● Your goal
Only the lines from the start of the data to the line containing "吴桐 | 8.50 | 263.25 |", both included, should be output, exactly and without pictures.

Task input START

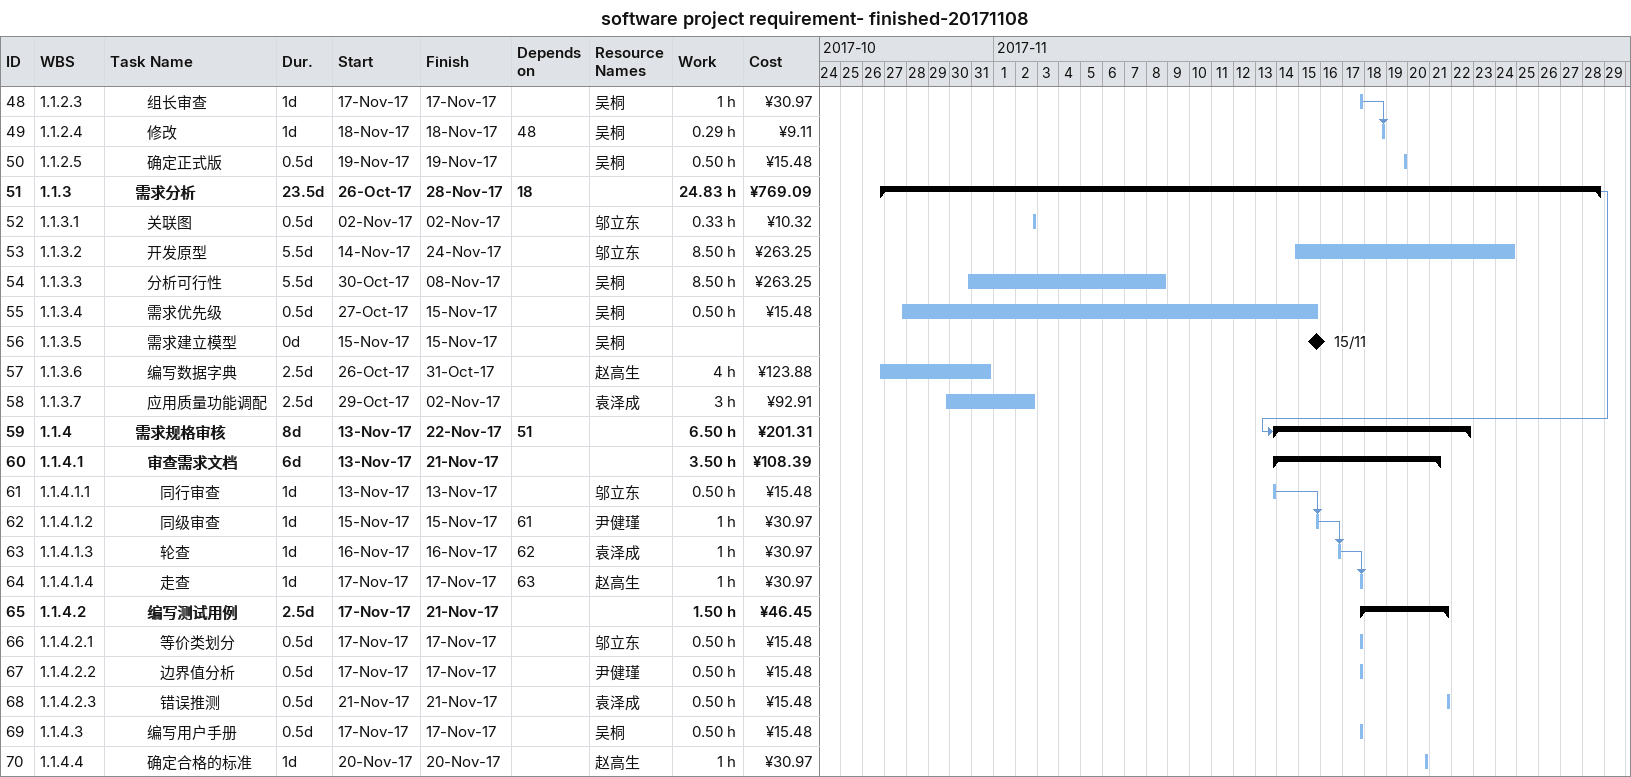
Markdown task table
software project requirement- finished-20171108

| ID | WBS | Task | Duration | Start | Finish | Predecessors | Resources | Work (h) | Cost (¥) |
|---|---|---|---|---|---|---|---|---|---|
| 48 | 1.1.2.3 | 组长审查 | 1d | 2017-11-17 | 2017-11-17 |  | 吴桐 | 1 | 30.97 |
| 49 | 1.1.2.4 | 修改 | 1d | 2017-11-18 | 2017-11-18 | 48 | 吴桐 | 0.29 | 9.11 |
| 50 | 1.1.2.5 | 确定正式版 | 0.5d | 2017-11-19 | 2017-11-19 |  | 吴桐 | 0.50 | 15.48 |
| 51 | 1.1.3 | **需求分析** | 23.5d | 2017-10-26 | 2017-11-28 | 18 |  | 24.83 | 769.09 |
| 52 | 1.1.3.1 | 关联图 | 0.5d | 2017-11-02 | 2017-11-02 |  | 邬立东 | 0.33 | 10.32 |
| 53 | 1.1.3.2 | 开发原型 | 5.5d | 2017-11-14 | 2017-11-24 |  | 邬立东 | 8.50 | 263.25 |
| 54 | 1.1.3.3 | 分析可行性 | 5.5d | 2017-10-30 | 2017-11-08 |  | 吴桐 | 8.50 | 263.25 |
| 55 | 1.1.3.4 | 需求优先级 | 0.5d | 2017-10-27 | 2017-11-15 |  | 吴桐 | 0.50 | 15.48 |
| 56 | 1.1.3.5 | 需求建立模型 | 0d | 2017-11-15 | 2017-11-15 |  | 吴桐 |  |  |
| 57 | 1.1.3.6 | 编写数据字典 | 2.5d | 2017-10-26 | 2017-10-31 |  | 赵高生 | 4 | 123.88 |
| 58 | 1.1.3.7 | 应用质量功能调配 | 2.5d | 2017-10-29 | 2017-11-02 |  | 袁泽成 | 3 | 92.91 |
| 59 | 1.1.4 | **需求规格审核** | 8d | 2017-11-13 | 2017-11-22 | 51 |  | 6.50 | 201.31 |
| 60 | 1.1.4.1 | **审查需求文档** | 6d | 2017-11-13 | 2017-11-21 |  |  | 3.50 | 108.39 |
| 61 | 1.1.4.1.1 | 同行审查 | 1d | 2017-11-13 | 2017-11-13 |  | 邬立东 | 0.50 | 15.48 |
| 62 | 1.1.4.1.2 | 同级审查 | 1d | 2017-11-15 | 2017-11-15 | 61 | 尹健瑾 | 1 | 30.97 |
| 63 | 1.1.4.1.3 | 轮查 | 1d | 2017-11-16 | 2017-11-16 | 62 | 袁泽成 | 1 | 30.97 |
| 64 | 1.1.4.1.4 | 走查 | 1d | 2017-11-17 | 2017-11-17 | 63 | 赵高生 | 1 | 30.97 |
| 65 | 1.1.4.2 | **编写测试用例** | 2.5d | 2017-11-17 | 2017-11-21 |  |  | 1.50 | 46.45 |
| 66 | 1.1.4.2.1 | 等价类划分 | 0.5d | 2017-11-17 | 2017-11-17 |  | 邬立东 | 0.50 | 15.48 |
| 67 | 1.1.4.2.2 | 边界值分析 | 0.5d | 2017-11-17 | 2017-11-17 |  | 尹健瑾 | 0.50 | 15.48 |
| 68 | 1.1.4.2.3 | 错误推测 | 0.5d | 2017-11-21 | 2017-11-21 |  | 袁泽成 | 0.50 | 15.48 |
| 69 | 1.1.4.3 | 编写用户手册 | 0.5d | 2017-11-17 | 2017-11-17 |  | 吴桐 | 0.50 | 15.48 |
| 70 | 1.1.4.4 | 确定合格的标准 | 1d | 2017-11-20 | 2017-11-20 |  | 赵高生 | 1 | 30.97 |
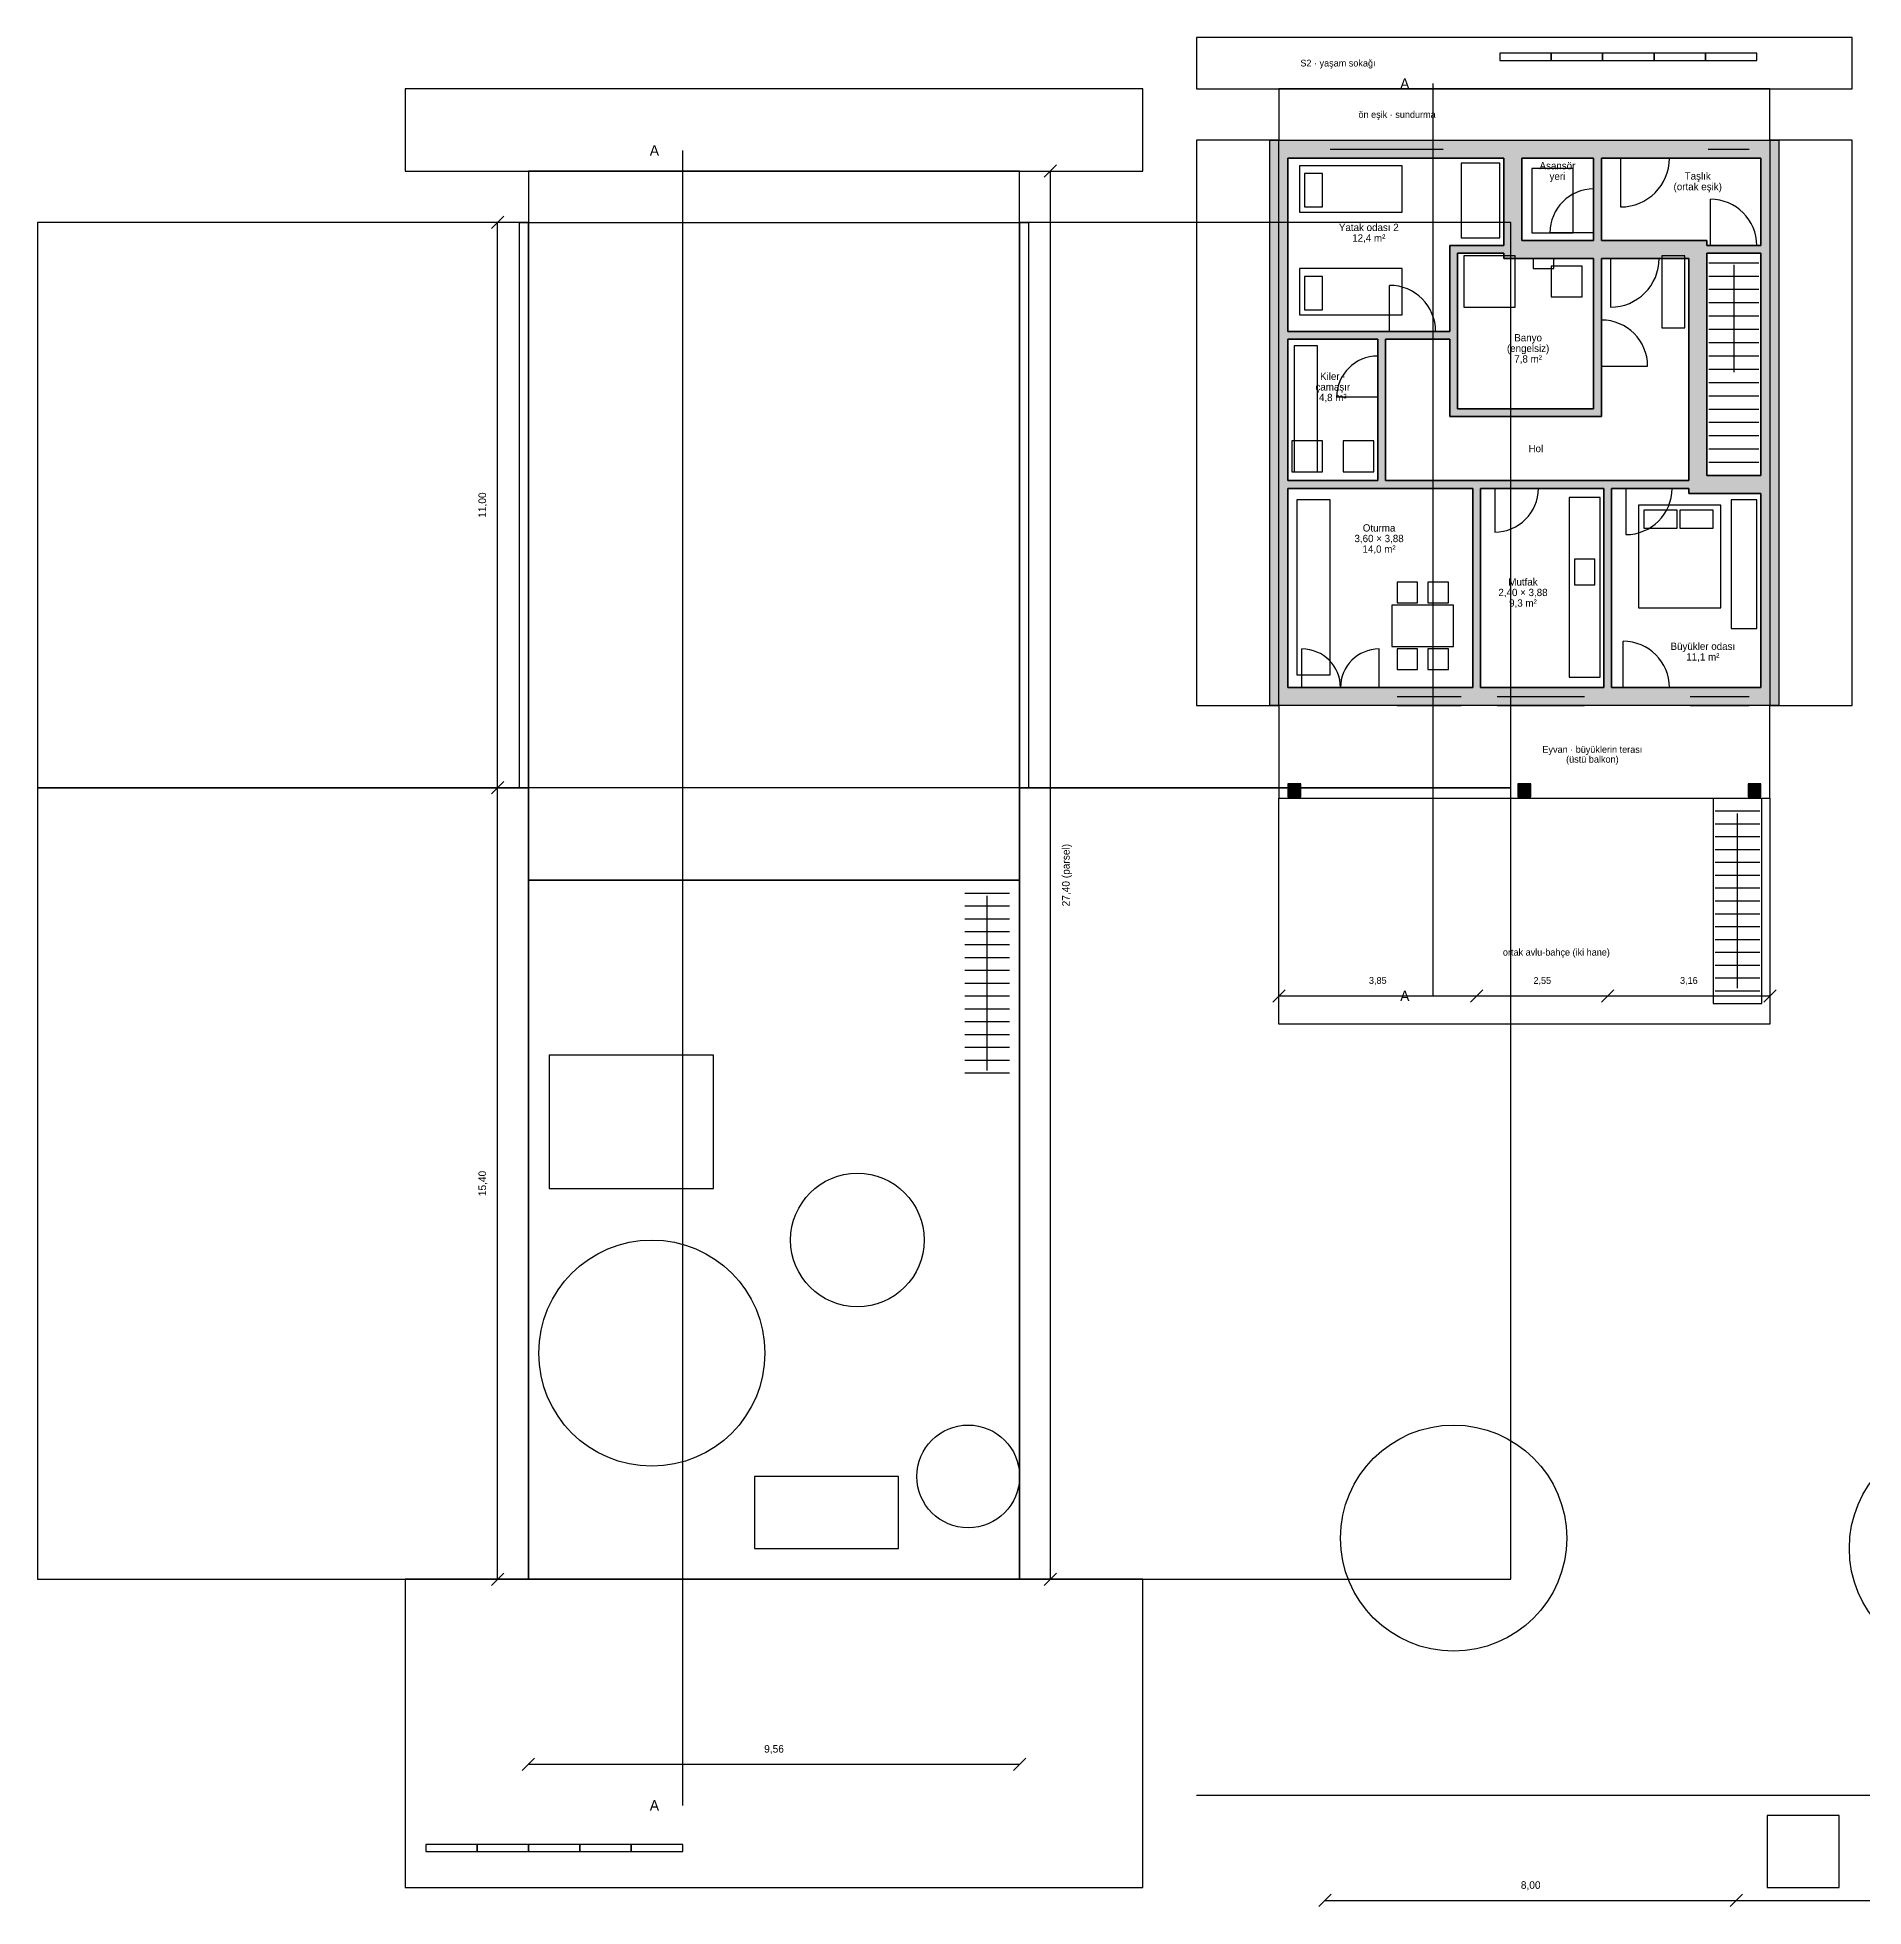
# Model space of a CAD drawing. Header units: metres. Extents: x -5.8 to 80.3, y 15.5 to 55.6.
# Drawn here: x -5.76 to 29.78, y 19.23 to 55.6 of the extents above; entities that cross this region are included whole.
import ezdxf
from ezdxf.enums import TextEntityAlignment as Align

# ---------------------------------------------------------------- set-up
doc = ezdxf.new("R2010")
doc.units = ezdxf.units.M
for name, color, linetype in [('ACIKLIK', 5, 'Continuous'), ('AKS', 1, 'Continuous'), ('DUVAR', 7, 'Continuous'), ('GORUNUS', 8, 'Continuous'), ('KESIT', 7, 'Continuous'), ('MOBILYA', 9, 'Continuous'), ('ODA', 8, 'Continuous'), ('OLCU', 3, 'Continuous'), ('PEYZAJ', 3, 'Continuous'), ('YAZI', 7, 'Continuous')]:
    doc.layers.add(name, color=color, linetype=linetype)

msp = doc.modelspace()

Task input END

● Task result
Markdown task table
software project requirement- finished-20171108

| ID | WBS | Task | Duration | Start | Finish | Predecessors | Resources | Work (h) | Cost (¥) |
|---|---|---|---|---|---|---|---|---|---|
| 48 | 1.1.2.3 | 组长审查 | 1d | 2017-11-17 | 2017-11-17 |  | 吴桐 | 1 | 30.97 |
| 49 | 1.1.2.4 | 修改 | 1d | 2017-11-18 | 2017-11-18 | 48 | 吴桐 | 0.29 | 9.11 |
| 50 | 1.1.2.5 | 确定正式版 | 0.5d | 2017-11-19 | 2017-11-19 |  | 吴桐 | 0.50 | 15.48 |
| 51 | 1.1.3 | **需求分析** | 23.5d | 2017-10-26 | 2017-11-28 | 18 |  | 24.83 | 769.09 |
| 52 | 1.1.3.1 | 关联图 | 0.5d | 2017-11-02 | 2017-11-02 |  | 邬立东 | 0.33 | 10.32 |
| 53 | 1.1.3.2 | 开发原型 | 5.5d | 2017-11-14 | 2017-11-24 |  | 邬立东 | 8.50 | 263.25 |
| 54 | 1.1.3.3 | 分析可行性 | 5.5d | 2017-10-30 | 2017-11-08 |  | 吴桐 | 8.50 | 263.25 |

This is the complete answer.